THE RECORDS below:

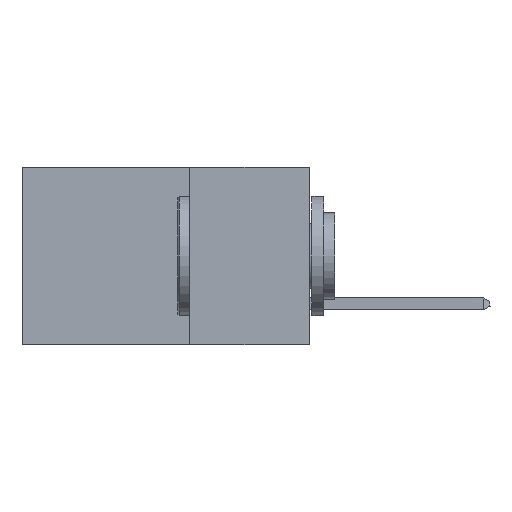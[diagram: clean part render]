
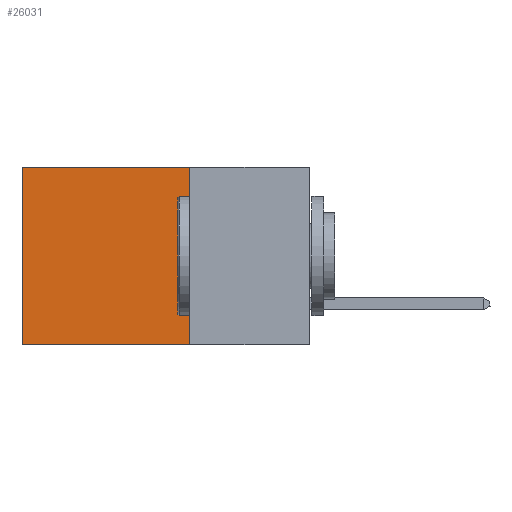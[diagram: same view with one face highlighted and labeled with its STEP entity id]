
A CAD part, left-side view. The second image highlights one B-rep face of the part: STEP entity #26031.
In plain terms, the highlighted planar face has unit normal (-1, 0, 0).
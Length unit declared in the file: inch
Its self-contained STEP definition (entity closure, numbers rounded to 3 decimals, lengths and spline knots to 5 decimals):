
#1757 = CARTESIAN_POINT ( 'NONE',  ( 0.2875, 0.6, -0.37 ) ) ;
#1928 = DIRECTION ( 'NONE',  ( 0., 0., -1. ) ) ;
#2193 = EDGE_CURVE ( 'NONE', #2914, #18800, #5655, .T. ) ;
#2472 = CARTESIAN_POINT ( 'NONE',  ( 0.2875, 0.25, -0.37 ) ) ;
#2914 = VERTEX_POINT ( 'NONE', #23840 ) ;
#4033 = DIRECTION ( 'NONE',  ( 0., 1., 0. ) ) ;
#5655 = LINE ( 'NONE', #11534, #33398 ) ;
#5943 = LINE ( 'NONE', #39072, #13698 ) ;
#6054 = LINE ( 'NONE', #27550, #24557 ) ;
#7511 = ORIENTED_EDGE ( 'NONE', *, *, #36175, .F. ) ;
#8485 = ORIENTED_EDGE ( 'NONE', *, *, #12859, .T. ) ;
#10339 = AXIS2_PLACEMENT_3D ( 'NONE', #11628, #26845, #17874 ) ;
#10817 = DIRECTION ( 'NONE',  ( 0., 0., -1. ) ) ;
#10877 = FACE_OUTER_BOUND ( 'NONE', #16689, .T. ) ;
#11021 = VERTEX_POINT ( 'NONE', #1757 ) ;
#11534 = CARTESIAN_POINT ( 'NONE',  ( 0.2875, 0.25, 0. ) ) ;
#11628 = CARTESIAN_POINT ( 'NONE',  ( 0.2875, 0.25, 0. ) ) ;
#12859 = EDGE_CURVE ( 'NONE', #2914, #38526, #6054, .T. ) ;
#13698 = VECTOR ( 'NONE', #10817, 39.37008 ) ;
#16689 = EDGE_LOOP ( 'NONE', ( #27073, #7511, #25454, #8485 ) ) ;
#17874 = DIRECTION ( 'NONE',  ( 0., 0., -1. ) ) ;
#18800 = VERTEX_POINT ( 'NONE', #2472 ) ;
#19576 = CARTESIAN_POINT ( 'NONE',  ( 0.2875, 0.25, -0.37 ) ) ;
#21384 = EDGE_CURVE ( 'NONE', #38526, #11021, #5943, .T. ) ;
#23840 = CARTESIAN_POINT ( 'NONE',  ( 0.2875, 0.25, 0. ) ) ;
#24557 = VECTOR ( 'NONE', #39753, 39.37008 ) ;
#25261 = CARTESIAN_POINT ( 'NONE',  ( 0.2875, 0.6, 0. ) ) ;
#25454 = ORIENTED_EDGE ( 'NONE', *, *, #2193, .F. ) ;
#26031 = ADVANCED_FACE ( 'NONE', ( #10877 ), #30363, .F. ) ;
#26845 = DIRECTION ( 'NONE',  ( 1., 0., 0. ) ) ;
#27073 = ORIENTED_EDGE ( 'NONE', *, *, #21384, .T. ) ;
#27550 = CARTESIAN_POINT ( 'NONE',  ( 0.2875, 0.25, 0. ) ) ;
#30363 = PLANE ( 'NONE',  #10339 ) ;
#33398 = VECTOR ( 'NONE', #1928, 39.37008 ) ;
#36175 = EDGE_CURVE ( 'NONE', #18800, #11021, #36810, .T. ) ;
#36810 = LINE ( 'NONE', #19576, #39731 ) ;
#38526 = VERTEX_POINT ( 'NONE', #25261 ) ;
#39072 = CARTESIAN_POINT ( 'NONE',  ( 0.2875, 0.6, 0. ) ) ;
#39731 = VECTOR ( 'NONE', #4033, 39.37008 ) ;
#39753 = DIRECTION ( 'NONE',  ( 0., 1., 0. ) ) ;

End of THE RECORDS.

* _TASK REQUIREMENTS_: With the line containing "#12859 = EDGE_CURVE" as the first and the last line above as the final one, copy those lines exactly and no others.

* _RESULT BELOW_:
#12859 = EDGE_CURVE ( 'NONE', #2914, #38526, #6054, .T. ) ;
#13698 = VECTOR ( 'NONE', #10817, 39.37008 ) ;
#16689 = EDGE_LOOP ( 'NONE', ( #27073, #7511, #25454, #8485 ) ) ;
#17874 = DIRECTION ( 'NONE',  ( 0., 0., -1. ) ) ;
#18800 = VERTEX_POINT ( 'NONE', #2472 ) ;
#19576 = CARTESIAN_POINT ( 'NONE',  ( 0.2875, 0.25, -0.37 ) ) ;
#21384 = EDGE_CURVE ( 'NONE', #38526, #11021, #5943, .T. ) ;
#23840 = CARTESIAN_POINT ( 'NONE',  ( 0.2875, 0.25, 0. ) ) ;
#24557 = VECTOR ( 'NONE', #39753, 39.37008 ) ;
#25261 = CARTESIAN_POINT ( 'NONE',  ( 0.2875, 0.6, 0. ) ) ;
#25454 = ORIENTED_EDGE ( 'NONE', *, *, #2193, .F. ) ;
#26031 = ADVANCED_FACE ( 'NONE', ( #10877 ), #30363, .F. ) ;
#26845 = DIRECTION ( 'NONE',  ( 1., 0., 0. ) ) ;
#27073 = ORIENTED_EDGE ( 'NONE', *, *, #21384, .T. ) ;
#27550 = CARTESIAN_POINT ( 'NONE',  ( 0.2875, 0.25, 0. ) ) ;
#30363 = PLANE ( 'NONE',  #10339 ) ;
#33398 = VECTOR ( 'NONE', #1928, 39.37008 ) ;
#36175 = EDGE_CURVE ( 'NONE', #18800, #11021, #36810, .T. ) ;
#36810 = LINE ( 'NONE', #19576, #39731 ) ;
#38526 = VERTEX_POINT ( 'NONE', #25261 ) ;
#39072 = CARTESIAN_POINT ( 'NONE',  ( 0.2875, 0.6, 0. ) ) ;
#39731 = VECTOR ( 'NONE', #4033, 39.37008 ) ;
#39753 = DIRECTION ( 'NONE',  ( 0., 1., 0. ) ) ;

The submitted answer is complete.